_Records supplied_:
*** Block opens ***
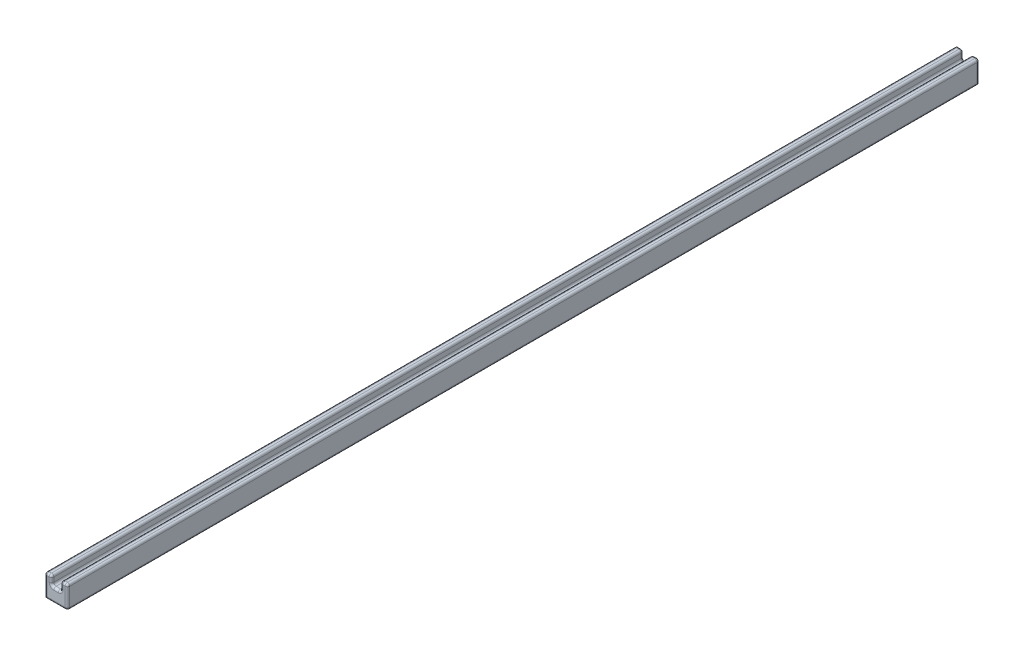
SolidWorks part; units mm, degrees
ref_plane "Front Plane" through (0, 0, 0) normal (0, 0, 1) x (1, 0, 0)
ref_plane "Top Plane" through (0, 0, 0) normal (0, 1, 0) x (1, 0, 0)
ref_plane "Right Plane" through (0, 0, 0) normal (1, 0, 0) x (0, 0, -1)
sketch "Sketch1" plane through (0, 0, 0) normal (0, 0, 1) x (1, 0, 0)
  line L1 (10.7857, -3.0265) -> (15.7857, -3.0265)
  line L2 (10.7857, -3.0265) -> (10.7857, -8.0265)
  line L3 (10.7857, -8.0265) -> (15.7857, -8.0265)
  line L4 (15.7857, -3.0265) -> (15.7857, -8.0265)
  line L5 (12.2857, -3.0265) -> (14.2857, -3.0265)
  line L6 (12.2857, -3.0265) -> (12.2857, -5.0265)
  line L7 (12.2857, -5.0265) -> (14.2857, -5.0265)
  line L8 (14.2857, -3.0265) -> (14.2857, -5.0265)
  dimension "D1" = 5
  dimension "D2" = 5
  dimension "D3" = 2
  dimension "D4" = 2
  dimension "D5" = 1.5
extrude "Boss-Extrude1" add sketch "Sketch1" against normal blind 200 contours L1 L8 L7 L6 L2 L3 L4
fillet "Fillet1" radius 0.5 21 edges at (14.2857, -4.0265, -200) (15.0357, -3.0265, 0) (14.2857, -4.0265, 0) (13.2857, -5.0265, 0) (12.2857, -4.0265, 0) (11.5357, -3.0265, 0) (10.7857, -5.5265, 0) (13.2857, -8.0265, 0) (15.7857, -5.5265, 0) (15.0357, -3.0265, -200) (13.2857, -5.0265, -200) (12.2857, -4.0265, -200) (11.5357, -3.0265, -200) (15.7857, -5.5265, -200) (14.2857, -3.0265, -100) (14.2857, -5.0265, -100) (12.2857, -5.0265, -100) (12.2857, -3.0265, -100) (10.7857, -3.0265, -100) (15.7857, -8.0265, -100) (15.7857, -3.0265, -100)
equation "\"BeamLength\" = 200"
equation "\"BeamWidth\" = 5"
equation "\"BeamHeight\" = 5"
equation "\"ChannelWidth\" = 2"
equation "\"ChannelDepth\"= 2"
equation "\"D1@Sketch1\"=\"BeamWidth\""
equation "\"D2@Sketch1\"=\"BeamHeight\""
equation "\"D3@Sketch1\"=\"ChannelDepth\""
equation "\"D4@Sketch1\"=\"ChannelWidth\""
equation "\"D5@Sketch1\"=(\"BeamWidth\"-\"ChannelWidth\")/2"
equation "\"D1@Boss-Extrude1\"=\"BeamLength\""
*** Block closes ***
_About this exercise_: Skip the images and write out the rest of the listing exactly.

_Answer to this exercise_:
SolidWorks part; units mm, degrees
ref_plane "Front Plane" through (0, 0, 0) normal (0, 0, 1) x (1, 0, 0)
ref_plane "Top Plane" through (0, 0, 0) normal (0, 1, 0) x (1, 0, 0)
ref_plane "Right Plane" through (0, 0, 0) normal (1, 0, 0) x (0, 0, -1)
sketch "Sketch1" plane through (0, 0, 0) normal (0, 0, 1) x (1, 0, 0)
  line L1 (10.7857, -3.0265) -> (15.7857, -3.0265)
  line L2 (10.7857, -3.0265) -> (10.7857, -8.0265)
  line L3 (10.7857, -8.0265) -> (15.7857, -8.0265)
  line L4 (15.7857, -3.0265) -> (15.7857, -8.0265)
  line L5 (12.2857, -3.0265) -> (14.2857, -3.0265)
  line L6 (12.2857, -3.0265) -> (12.2857, -5.0265)
  line L7 (12.2857, -5.0265) -> (14.2857, -5.0265)
  line L8 (14.2857, -3.0265) -> (14.2857, -5.0265)
  dimension "D1" = 5
  dimension "D2" = 5
  dimension "D3" = 2
  dimension "D4" = 2
  dimension "D5" = 1.5
extrude "Boss-Extrude1" add sketch "Sketch1" against normal blind 200 contours L1 L8 L7 L6 L2 L3 L4
fillet "Fillet1" radius 0.5 21 edges at (14.2857, -4.0265, -200) (15.0357, -3.0265, 0) (14.2857, -4.0265, 0) (13.2857, -5.0265, 0) (12.2857, -4.0265, 0) (11.5357, -3.0265, 0) (10.7857, -5.5265, 0) (13.2857, -8.0265, 0) (15.7857, -5.5265, 0) (15.0357, -3.0265, -200) (13.2857, -5.0265, -200) (12.2857, -4.0265, -200) (11.5357, -3.0265, -200) (15.7857, -5.5265, -200) (14.2857, -3.0265, -100) (14.2857, -5.0265, -100) (12.2857, -5.0265, -100) (12.2857, -3.0265, -100) (10.7857, -3.0265, -100) (15.7857, -8.0265, -100) (15.7857, -3.0265, -100)
equation "\"BeamLength\" = 200"
equation "\"BeamWidth\" = 5"
equation "\"BeamHeight\" = 5"
equation "\"ChannelWidth\" = 2"
equation "\"ChannelDepth\"= 2"
equation "\"D1@Sketch1\"=\"BeamWidth\""
equation "\"D2@Sketch1\"=\"BeamHeight\""
equation "\"D3@Sketch1\"=\"ChannelDepth\""
equation "\"D4@Sketch1\"=\"ChannelWidth\""
equation "\"D5@Sketch1\"=(\"BeamWidth\"-\"ChannelWidth\")/2"
equation "\"D1@Boss-Extrude1\"=\"BeamLength\""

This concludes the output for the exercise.